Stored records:
• • • • • • •
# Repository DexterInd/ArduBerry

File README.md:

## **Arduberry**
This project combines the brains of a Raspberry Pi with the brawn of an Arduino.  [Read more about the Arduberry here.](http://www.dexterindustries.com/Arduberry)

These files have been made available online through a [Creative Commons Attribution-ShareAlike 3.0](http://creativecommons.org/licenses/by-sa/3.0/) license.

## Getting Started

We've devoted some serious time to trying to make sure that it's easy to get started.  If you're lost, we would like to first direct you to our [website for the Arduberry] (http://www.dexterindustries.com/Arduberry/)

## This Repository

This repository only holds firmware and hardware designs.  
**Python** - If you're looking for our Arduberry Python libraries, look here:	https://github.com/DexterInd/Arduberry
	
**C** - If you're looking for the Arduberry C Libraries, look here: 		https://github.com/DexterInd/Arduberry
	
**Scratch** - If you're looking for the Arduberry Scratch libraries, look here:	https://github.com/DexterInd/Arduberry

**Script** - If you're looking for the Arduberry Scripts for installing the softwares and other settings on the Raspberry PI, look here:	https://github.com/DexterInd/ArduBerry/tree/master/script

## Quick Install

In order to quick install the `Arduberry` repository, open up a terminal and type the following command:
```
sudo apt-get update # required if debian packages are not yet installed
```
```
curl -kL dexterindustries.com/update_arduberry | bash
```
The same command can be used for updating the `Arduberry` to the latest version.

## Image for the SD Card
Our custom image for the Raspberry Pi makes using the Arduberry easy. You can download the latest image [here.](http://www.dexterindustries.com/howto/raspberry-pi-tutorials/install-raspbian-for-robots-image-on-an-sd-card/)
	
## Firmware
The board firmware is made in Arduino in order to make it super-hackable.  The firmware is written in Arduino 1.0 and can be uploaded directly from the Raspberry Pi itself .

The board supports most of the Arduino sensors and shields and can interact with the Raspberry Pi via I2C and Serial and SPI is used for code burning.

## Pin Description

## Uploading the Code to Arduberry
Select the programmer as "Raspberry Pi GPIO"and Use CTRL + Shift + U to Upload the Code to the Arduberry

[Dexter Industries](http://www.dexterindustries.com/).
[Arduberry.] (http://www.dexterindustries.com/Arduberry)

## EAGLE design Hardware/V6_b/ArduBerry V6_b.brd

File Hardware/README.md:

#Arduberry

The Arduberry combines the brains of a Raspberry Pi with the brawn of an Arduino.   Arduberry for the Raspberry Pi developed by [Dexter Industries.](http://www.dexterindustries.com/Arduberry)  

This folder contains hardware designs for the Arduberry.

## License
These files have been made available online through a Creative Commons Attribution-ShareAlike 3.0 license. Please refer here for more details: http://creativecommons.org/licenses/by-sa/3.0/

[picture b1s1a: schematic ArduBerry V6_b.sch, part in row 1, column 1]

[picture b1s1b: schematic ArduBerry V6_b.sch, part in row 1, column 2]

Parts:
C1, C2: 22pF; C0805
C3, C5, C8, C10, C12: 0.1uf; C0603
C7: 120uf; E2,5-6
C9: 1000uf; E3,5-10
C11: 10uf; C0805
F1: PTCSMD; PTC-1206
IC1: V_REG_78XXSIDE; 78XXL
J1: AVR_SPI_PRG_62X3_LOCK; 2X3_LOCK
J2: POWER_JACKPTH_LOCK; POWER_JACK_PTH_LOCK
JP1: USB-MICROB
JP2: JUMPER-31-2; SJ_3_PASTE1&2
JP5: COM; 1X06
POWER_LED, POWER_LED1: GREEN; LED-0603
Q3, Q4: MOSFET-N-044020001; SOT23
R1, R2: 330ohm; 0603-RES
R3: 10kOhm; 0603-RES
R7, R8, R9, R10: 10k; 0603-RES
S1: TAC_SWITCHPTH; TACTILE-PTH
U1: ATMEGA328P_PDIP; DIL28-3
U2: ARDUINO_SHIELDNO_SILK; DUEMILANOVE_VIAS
• • • • • • •
## Task objective
Pull out every line holding "schematic" from the records above, and copy it.

## Task solution
[picture b1s1a: schematic ArduBerry V6_b.sch, part in row 1, column 1]
[picture b1s1b: schematic ArduBerry V6_b.sch, part in row 1, column 2]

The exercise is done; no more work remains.